"Prendre son temps, se retirer et écouter..."
"Ma main est posée sur la table.
Par mes cinq doigts je sens le bois. Il y a là une certaine dureté, un poli, de
la chaleur et du froid en même temps, une qualité d'ensemble spécifique que je
sens et que je peux déterminer. Je ne bouge plus. Je m'arrête à ce que je
ressens. La main reste absolument immobile sur le bois. Une foule de nouvelles
qualités émergent. Elles se distinguent de la chaleur, du poli, de la dureté.
Au bout de mes doigts s'associent les doigts eux-mêmes, toute la main s'anime.
L'avant-bras s'y joint, puis tout à coup le bras et l'épaule, tout le côté intervient.
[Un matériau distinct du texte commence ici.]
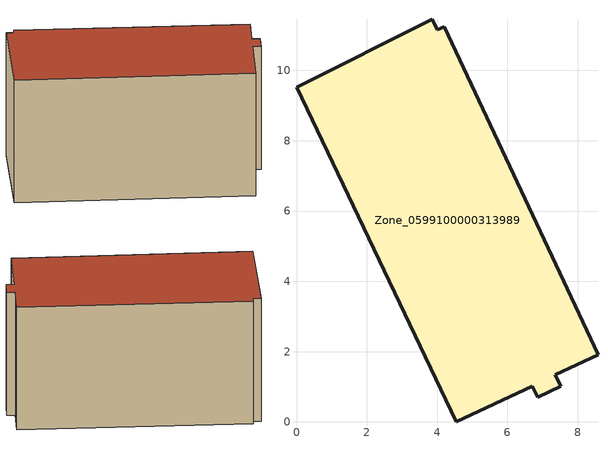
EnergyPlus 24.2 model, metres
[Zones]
Zone_0599100000313989
 floor ground (C_G): 7.37,1.34 7.52,1.01 6.86,0.7 6.71,1.02 4.55,0 0,9.52 3.86,11.46 4,11.16 4.21,11.25 8.58,1.91 z0
 wall outside (C_F): 4.55,0 6.71,1.02 6.86,0.7 7.52,1.01 7.37,1.34 8.58,1.91 4.21,11.25 4,11.16 3.86,11.46 0,9.52 4.55,0 z0:6.07
 roof outside (C_R): 8.58,1.91 4.21,11.25 4,11.16 3.86,11.46 0,9.52 4.55,0 6.71,1.02 6.86,0.7 7.52,1.01 7.37,1.34 z6.07
[BUILDING]
Pand.0599100000313989: North Axis=0; Terrain=City; Loads Convergence Tolerance Value=0.04; Temperature Convergence Tolerance Value=0.4; Solar Distribution=FullExterior; Maximum Number of Warmup Days=25; Minimum Number of Warmup Days=1
[Site:Location]
Rotterdam.The.Hague.AP_ZH_NLD Design_Conditions: Latitude=51.96; Longitude=4.45; Time Zone=1; Elevation=-4.5
[SITE:GROUNDTEMPERATURE:BUILDINGSURFACE]
18, 18, 18, 18, 18, 18, 18, 18, 18, 18, 18, 18
[MATERIAL] Thermal Absorptance=0.9; Solar Absorptance=0.7; Visible Absorptance=0.7
Name | Roughness | Thickness | Conductivity | Density | Specific Heat
G.TI.1946 | MediumSmooth | 0.15 | 1 | 540 | 1210
F.TI.1946 | Rough | 0.3 | 0.857143 | 1920 | 840
R.TI.1946 | MediumRough | 0.2 | 0.1 | 1500 | 1000
[CONSTRUCTION]
C_G: G.TI.1946
C_F: F.TI.1946
C_R: R.TI.1946
[ZONE]
Zone_0599100000313989: Type=1; Multiplier=1; Ceiling Height=Autocalculate; Volume=Autocalculate; Floor Area=autocalculate; Part of Total Floor Area=Yes
[ZONEINFILTRATION:DESIGNFLOWRATE]
Infil_Zone_0599100000313989: Zone or ZoneList or Space or SpaceList=Zone_0599100000313989; Schedule=AlwaysOn; Design Flow Rate Calculation Method=Flow/Area; Flow Rate per Floor Area=0.003; Constant Term Coefficient=1; Temperature Term Coefficient=0; Velocity Term Coefficient=0; Velocity Squared Term Coefficient=0
[HVACTEMPLATE:ZONE:IDEALLOADSAIRSYSTEM]
Zone_0599100000313989: Maximum Heating Supply Air Temperature=50; Minimum Cooling Supply Air Temperature=13; Maximum Heating Supply Air Humidity Ratio=0.0156; Minimum Cooling Supply Air Humidity Ratio=0.0077; Heating Limit=NoLimit; Cooling Limit=NoLimit; Dehumidification Control Type=ConstantSensibleHeatRatio; Cooling Sensible Heat Ratio=0.7; Dehumidification Setpoint=60; Humidification Control Type=None; Humidification Setpoint=30; Outdoor Air Method=None; Outdoor Air Flow Rate per Person=0.00944; Outdoor Air Flow Rate per Zone Floor Area=0; Outdoor Air Flow Rate per Zone=0; Demand Controlled Ventilation Type=None; Outdoor Air Economizer Type=NoEconomizer; Heat Recovery Type=None; Sensible Heat Recovery Effectiveness=0.7; Latent Heat Recovery Effectiveness=0.65
[ZONECONTROL:THERMOSTAT]
ThermostatControl_Zone_0599100000313989: Zone or ZoneList=Zone_0599100000313989; Control Type Schedule=DualSetpointControlType; Control 1=Thermostat_Zone_0599100000313989; Temperature Difference Between Cutout And Setpoint=0
[THERMOSTATSETPOINT:DUALSETPOINT]
Thermostat_Zone_0599100000313989: Heating Setpoint Temperature Schedule=HeatingSetpoint_Zone_0599100000313989; Cooling Setpoint Temperature Schedule=CoolingSetpoint_Zone_0599100000313989
[SCHEDULE:COMPACT]
HeatingSetpoint_Zone_0599100000313989: Through: 12/31, For: AllDays, Until: 24:00, 21
CoolingSetpoint_Zone_0599100000313989: Through: 12/31, For: AllDays, Until: 24:00, 24
DualSetpointControlType: Through: 12/31, For: AllDays, Until: 24:00, 4
AlwaysOn: Through: 12/31, For: AllDays, Until: 24:00, 1

Finalement, je suis tout entier dans le bout des doigts qui, au-delà du
toucher, me transmettent l'expérience d'une réalité dont le caractère, la
richesse, la profondeur n'ont plus grand-chose de commun avec la qualité du
toucher ressentie tout d'abord. Mais ceci ne pouvait se produire qu'en
m'attardant, en laissant la main reposer, immobile, sur la table. Si je demeure
ainsi plus longtemps, il me semble qu'un courant s'établit de ma main à la
table, de la table à ma main, de moi à l'univers. C'est un échange vivant de
l'un vers l'autre, de l'un en l'autre, à travers lequel un grand Tiers,
lointain certes mais indiscutable, s'adresse à moi.
[...]
Existe-t-il une recommandation
d'ensemble sur la conduite qui facilite l'expérience du numineux dans les
rencontres avec le monde ? La réponse à cette question est : prendre son temps.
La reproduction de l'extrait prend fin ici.